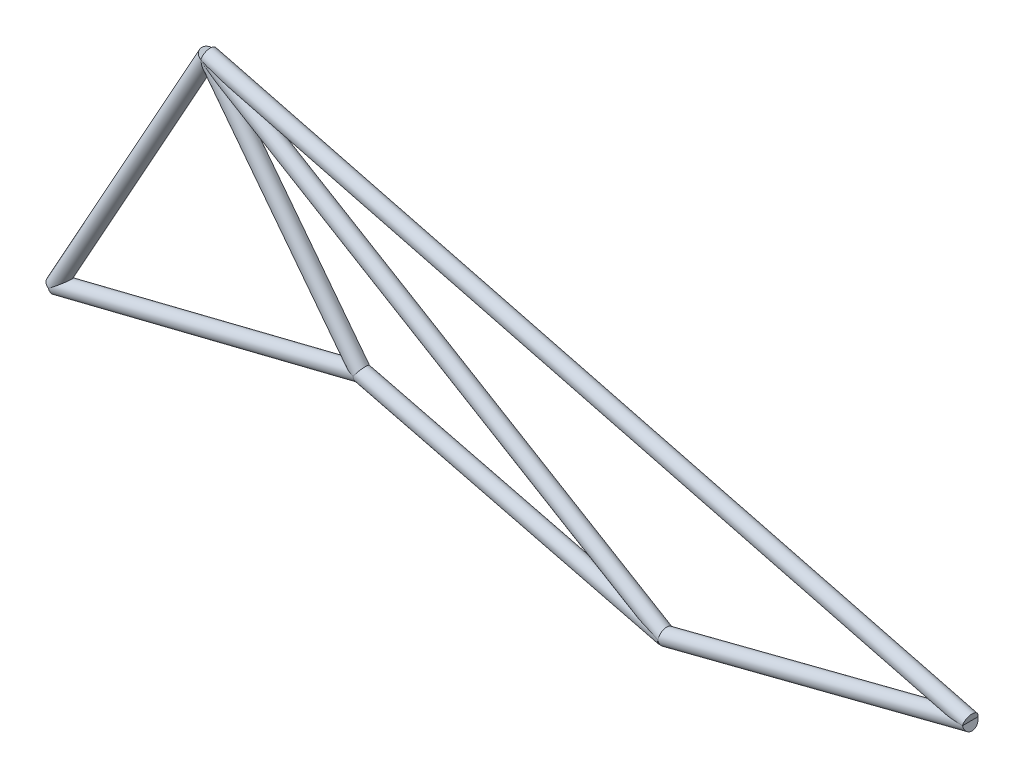
ISO-10303-21;
HEADER;
FILE_DESCRIPTION(('STEP AP214'),'2;1');
FILE_NAME('part.step','',(''),(''),'','','');
FILE_SCHEMA(('AUTOMOTIVE_DESIGN { 1 0 10303 214 1 1 1 1 }'));
ENDSEC;
DATA;
#1=APPLICATION_CONTEXT('core data for automotive mechanical design processes');
#2=APPLICATION_PROTOCOL_DEFINITION('international standard','automotive_design',2000,#1);
#3=PRODUCT_CONTEXT('',#1,'mechanical');
#4=PRODUCT('Part','Part','',(#3));
#5=PRODUCT_RELATED_PRODUCT_CATEGORY('part','',(#4));
#6=PRODUCT_DEFINITION_FORMATION('','',#4);
#7=PRODUCT_DEFINITION_CONTEXT('part definition',#1,'design');
#8=PRODUCT_DEFINITION('design','',#6,#7);
#9=PRODUCT_DEFINITION_SHAPE('','',#8);
#10=(LENGTH_UNIT() NAMED_UNIT(*) SI_UNIT(.MILLI.,.METRE.));
#11=(NAMED_UNIT(*) PLANE_ANGLE_UNIT() SI_UNIT($,.RADIAN.));
#12=(NAMED_UNIT(*) SI_UNIT($,.STERADIAN.) SOLID_ANGLE_UNIT());
#13=UNCERTAINTY_MEASURE_WITH_UNIT(LENGTH_MEASURE(1.E-05),#10,'distance_accuracy_value','');
#14=(GEOMETRIC_REPRESENTATION_CONTEXT(3) GLOBAL_UNCERTAINTY_ASSIGNED_CONTEXT((#13)) GLOBAL_UNIT_ASSIGNED_CONTEXT((#10,
#11,#12)) REPRESENTATION_CONTEXT('',''));
#15=CARTESIAN_POINT('',(0.,0.,0.));
#16=DIRECTION('',(0.,0.,1.));
#17=DIRECTION('',(1.,0.,0.));
#18=AXIS2_PLACEMENT_3D('',#15,#16,#17);
#19=CARTESIAN_POINT('',(2540.,635.,0.));
#20=DIRECTION('',(-0.609710760849692,0.7926239891046,0.));
#21=DIRECTION('',(-0.7926239891046,-0.609710760849692,0.));
#22=AXIS2_PLACEMENT_3D('',#19,#20,#21);
#23=CYLINDRICAL_SURFACE('',#22,63.5);
#24=CARTESIAN_POINT('',(1270.,2286.,0.));
#25=DIRECTION('',(0.550860844321992,0.834597106508801,0.));
#26=DIRECTION('',(-0.834597106508801,0.550860844321992,0.));
#27=AXIS2_PLACEMENT_3D('',#24,#25,#26);
#28=ELLIPSE('',#27,194.991091358338,63.5);
#29=CARTESIAN_POINT('',(1270.,2286.,63.5));
#30=VERTEX_POINT('',#29);
#31=CARTESIAN_POINT('',(1270.,2286.,-63.5));
#32=VERTEX_POINT('',#31);
#33=EDGE_CURVE('E90',#30,#32,#28,.T.);
#34=ORIENTED_EDGE('',*,*,#33,.F.);
#35=CARTESIAN_POINT('',(1270.,2286.,0.));
#36=DIRECTION('',(-0.997241131415683,-0.0742302216941886,0.));
#37=DIRECTION('',(-0.0742302216941887,0.997241131415683,0.));
#38=AXIS2_PLACEMENT_3D('',#35,#36,#37);
#39=ELLIPSE('',#38,115.624409367962,63.5);
#40=EDGE_CURVE('E82',#32,#30,#39,.T.);
#41=ORIENTED_EDGE('',*,*,#40,.F.);
#42=EDGE_LOOP('',(#34,#41));
#43=FACE_BOUND('',#42,.T.);
#44=CARTESIAN_POINT('',(2540.,635.,0.));
#45=DIRECTION('',(-0.836440902658388,0.548057128737526,0.));
#46=DIRECTION('',(0.548057128737526,0.836440902658388,0.));
#47=AXIS2_PLACEMENT_3D('',#44,#45,#46);
#48=ELLIPSE('',#47,67.2391526860607,63.5);
#49=CARTESIAN_POINT('',(2540.,634.999999999998,-63.5));
#50=VERTEX_POINT('',#49);
#51=CARTESIAN_POINT('',(2540.,635.,63.5));
#52=VERTEX_POINT('',#51);
#53=EDGE_CURVE('E86',#50,#52,#48,.F.);
#54=ORIENTED_EDGE('',*,*,#53,.F.);
#55=CARTESIAN_POINT('',(2540.,635.,0.));
#56=DIRECTION('',(0.328826795963689,0.9443902468028,0.));
#57=DIRECTION('',(-0.9443902468028,0.328826795963689,0.));
#58=AXIS2_PLACEMENT_3D('',#55,#56,#57);
#59=ELLIPSE('',#58,115.863833659595,63.5);
#60=EDGE_CURVE('E13',#52,#50,#59,.F.);
#61=ORIENTED_EDGE('',*,*,#60,.F.);
#62=EDGE_LOOP('',(#54,#61));
#63=FACE_BOUND('',#62,.T.);
#64=ADVANCED_FACE('F56',(#43,#63),#23,.T.);
#65=CARTESIAN_POINT('',(7620.,653.142857142857,0.));
#66=DIRECTION('',(-0.96849293259685,0.249041039810619,0.));
#67=DIRECTION('',(-0.249041039810619,-0.96849293259685,0.));
#68=AXIS2_PLACEMENT_3D('',#65,#66,#67);
#69=CYLINDRICAL_SURFACE('',#68,63.5);
#70=ORIENTED_EDGE('',*,*,#33,.T.);
#71=CARTESIAN_POINT('',(1270.,2286.,0.));
#72=DIRECTION('',(-0.918706368655255,-0.394941271826933,0.));
#73=DIRECTION('',(-0.394941271826933,0.918706368655255,0.));
#74=AXIS2_PLACEMENT_3D('',#71,#72,#73);
#75=ELLIPSE('',#74,80.2371440838296,63.5);
#76=EDGE_CURVE('E79',#32,#30,#75,.T.);
#77=ORIENTED_EDGE('',*,*,#76,.T.);
#78=EDGE_LOOP('',(#70,#77));
#79=FACE_BOUND('',#78,.T.);
#80=ADVANCED_FACE('F89',(#79),#69,.F.);
#81=CARTESIAN_POINT('',(1270.,2286.,0.));
#82=DIRECTION('',(-0.485642931178632,-0.874157276121538,0.));
#83=DIRECTION('',(0.874157276121538,-0.485642931178632,0.));
#84=AXIS2_PLACEMENT_3D('',#81,#82,#83);
#85=CYLINDRICAL_SURFACE('',#84,63.5);
#86=ORIENTED_EDGE('',*,*,#40,.T.);
#87=ORIENTED_EDGE('',*,*,#76,.F.);
#88=EDGE_LOOP('',(#86,#87));
#89=FACE_BOUND('',#88,.T.);
#90=ADVANCED_FACE('F83',(#89),#85,.F.);
#91=CARTESIAN_POINT('',(2540.,635.,0.));
#92=DIRECTION('',(0.970142500145332,-0.242535625036333,0.));
#93=DIRECTION('',(0.242535625036333,0.970142500145332,0.));
#94=AXIS2_PLACEMENT_3D('',#91,#92,#93);
#95=CYLINDRICAL_SURFACE('',#94,63.5);
#96=ORIENTED_EDGE('',*,*,#53,.T.);
#97=CARTESIAN_POINT('',(2540.,635.,0.));
#98=DIRECTION('',(-1.,0.,0.));
#99=DIRECTION('',(0.,-1.,0.));
#100=AXIS2_PLACEMENT_3D('',#97,#98,#99);
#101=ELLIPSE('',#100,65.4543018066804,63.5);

________________________________________

- **Problem requirements**
The entries above need to be printed again exactly; please exclude all pictures.

- **Written reply**
ISO-10303-21;
HEADER;
FILE_DESCRIPTION(('STEP AP214'),'2;1');
FILE_NAME('part.step','',(''),(''),'','','');
FILE_SCHEMA(('AUTOMOTIVE_DESIGN { 1 0 10303 214 1 1 1 1 }'));
ENDSEC;
DATA;
#1=APPLICATION_CONTEXT('core data for automotive mechanical design processes');
#2=APPLICATION_PROTOCOL_DEFINITION('international standard','automotive_design',2000,#1);
#3=PRODUCT_CONTEXT('',#1,'mechanical');
#4=PRODUCT('Part','Part','',(#3));
#5=PRODUCT_RELATED_PRODUCT_CATEGORY('part','',(#4));
#6=PRODUCT_DEFINITION_FORMATION('','',#4);
#7=PRODUCT_DEFINITION_CONTEXT('part definition',#1,'design');
#8=PRODUCT_DEFINITION('design','',#6,#7);
#9=PRODUCT_DEFINITION_SHAPE('','',#8);
#10=(LENGTH_UNIT() NAMED_UNIT(*) SI_UNIT(.MILLI.,.METRE.));
#11=(NAMED_UNIT(*) PLANE_ANGLE_UNIT() SI_UNIT($,.RADIAN.));
#12=(NAMED_UNIT(*) SI_UNIT($,.STERADIAN.) SOLID_ANGLE_UNIT());
#13=UNCERTAINTY_MEASURE_WITH_UNIT(LENGTH_MEASURE(1.E-05),#10,'distance_accuracy_value','');
#14=(GEOMETRIC_REPRESENTATION_CONTEXT(3) GLOBAL_UNCERTAINTY_ASSIGNED_CONTEXT((#13)) GLOBAL_UNIT_ASSIGNED_CONTEXT((#10,
#11,#12)) REPRESENTATION_CONTEXT('',''));
#15=CARTESIAN_POINT('',(0.,0.,0.));
#16=DIRECTION('',(0.,0.,1.));
#17=DIRECTION('',(1.,0.,0.));
#18=AXIS2_PLACEMENT_3D('',#15,#16,#17);
#19=CARTESIAN_POINT('',(2540.,635.,0.));
#20=DIRECTION('',(-0.609710760849692,0.7926239891046,0.));
#21=DIRECTION('',(-0.7926239891046,-0.609710760849692,0.));
#22=AXIS2_PLACEMENT_3D('',#19,#20,#21);
#23=CYLINDRICAL_SURFACE('',#22,63.5);
#24=CARTESIAN_POINT('',(1270.,2286.,0.));
#25=DIRECTION('',(0.550860844321992,0.834597106508801,0.));
#26=DIRECTION('',(-0.834597106508801,0.550860844321992,0.));
#27=AXIS2_PLACEMENT_3D('',#24,#25,#26);
#28=ELLIPSE('',#27,194.991091358338,63.5);
#29=CARTESIAN_POINT('',(1270.,2286.,63.5));
#30=VERTEX_POINT('',#29);
#31=CARTESIAN_POINT('',(1270.,2286.,-63.5));
#32=VERTEX_POINT('',#31);
#33=EDGE_CURVE('E90',#30,#32,#28,.T.);
#34=ORIENTED_EDGE('',*,*,#33,.F.);
#35=CARTESIAN_POINT('',(1270.,2286.,0.));
#36=DIRECTION('',(-0.997241131415683,-0.0742302216941886,0.));
#37=DIRECTION('',(-0.0742302216941887,0.997241131415683,0.));
#38=AXIS2_PLACEMENT_3D('',#35,#36,#37);
#39=ELLIPSE('',#38,115.624409367962,63.5);
#40=EDGE_CURVE('E82',#32,#30,#39,.T.);
#41=ORIENTED_EDGE('',*,*,#40,.F.);
#42=EDGE_LOOP('',(#34,#41));
#43=FACE_BOUND('',#42,.T.);
#44=CARTESIAN_POINT('',(2540.,635.,0.));
#45=DIRECTION('',(-0.836440902658388,0.548057128737526,0.));
#46=DIRECTION('',(0.548057128737526,0.836440902658388,0.));
#47=AXIS2_PLACEMENT_3D('',#44,#45,#46);
#48=ELLIPSE('',#47,67.2391526860607,63.5);
#49=CARTESIAN_POINT('',(2540.,634.999999999998,-63.5));
#50=VERTEX_POINT('',#49);
#51=CARTESIAN_POINT('',(2540.,635.,63.5));
#52=VERTEX_POINT('',#51);
#53=EDGE_CURVE('E86',#50,#52,#48,.F.);
#54=ORIENTED_EDGE('',*,*,#53,.F.);
#55=CARTESIAN_POINT('',(2540.,635.,0.));
#56=DIRECTION('',(0.328826795963689,0.9443902468028,0.));
#57=DIRECTION('',(-0.9443902468028,0.328826795963689,0.));
#58=AXIS2_PLACEMENT_3D('',#55,#56,#57);
#59=ELLIPSE('',#58,115.863833659595,63.5);
#60=EDGE_CURVE('E13',#52,#50,#59,.F.);
#61=ORIENTED_EDGE('',*,*,#60,.F.);
#62=EDGE_LOOP('',(#54,#61));
#63=FACE_BOUND('',#62,.T.);
#64=ADVANCED_FACE('F56',(#43,#63),#23,.T.);
#65=CARTESIAN_POINT('',(7620.,653.142857142857,0.));
#66=DIRECTION('',(-0.96849293259685,0.249041039810619,0.));
#67=DIRECTION('',(-0.249041039810619,-0.96849293259685,0.));
#68=AXIS2_PLACEMENT_3D('',#65,#66,#67);
#69=CYLINDRICAL_SURFACE('',#68,63.5);
#70=ORIENTED_EDGE('',*,*,#33,.T.);
#71=CARTESIAN_POINT('',(1270.,2286.,0.));
#72=DIRECTION('',(-0.918706368655255,-0.394941271826933,0.));
#73=DIRECTION('',(-0.394941271826933,0.918706368655255,0.));
#74=AXIS2_PLACEMENT_3D('',#71,#72,#73);
#75=ELLIPSE('',#74,80.2371440838296,63.5);
#76=EDGE_CURVE('E79',#32,#30,#75,.T.);
#77=ORIENTED_EDGE('',*,*,#76,.T.);
#78=EDGE_LOOP('',(#70,#77));
#79=FACE_BOUND('',#78,.T.);
#80=ADVANCED_FACE('F89',(#79),#69,.F.);
#81=CARTESIAN_POINT('',(1270.,2286.,0.));
#82=DIRECTION('',(-0.485642931178632,-0.874157276121538,0.));
#83=DIRECTION('',(0.874157276121538,-0.485642931178632,0.));
#84=AXIS2_PLACEMENT_3D('',#81,#82,#83);
#85=CYLINDRICAL_SURFACE('',#84,63.5);
#86=ORIENTED_EDGE('',*,*,#40,.T.);
#87=ORIENTED_EDGE('',*,*,#76,.F.);
#88=EDGE_LOOP('',(#86,#87));
#89=FACE_BOUND('',#88,.T.);
#90=ADVANCED_FACE('F83',(#89),#85,.F.);
#91=CARTESIAN_POINT('',(2540.,635.,0.));
#92=DIRECTION('',(0.970142500145332,-0.242535625036333,0.));
#93=DIRECTION('',(0.242535625036333,0.970142500145332,0.));
#94=AXIS2_PLACEMENT_3D('',#91,#92,#93);
#95=CYLINDRICAL_SURFACE('',#94,63.5);
#96=ORIENTED_EDGE('',*,*,#53,.T.);
#97=CARTESIAN_POINT('',(2540.,635.,0.));
#98=DIRECTION('',(-1.,0.,0.));
#99=DIRECTION('',(0.,-1.,0.));
#100=AXIS2_PLACEMENT_3D('',#97,#98,#99);
#101=ELLIPSE('',#100,65.4543018066804,63.5);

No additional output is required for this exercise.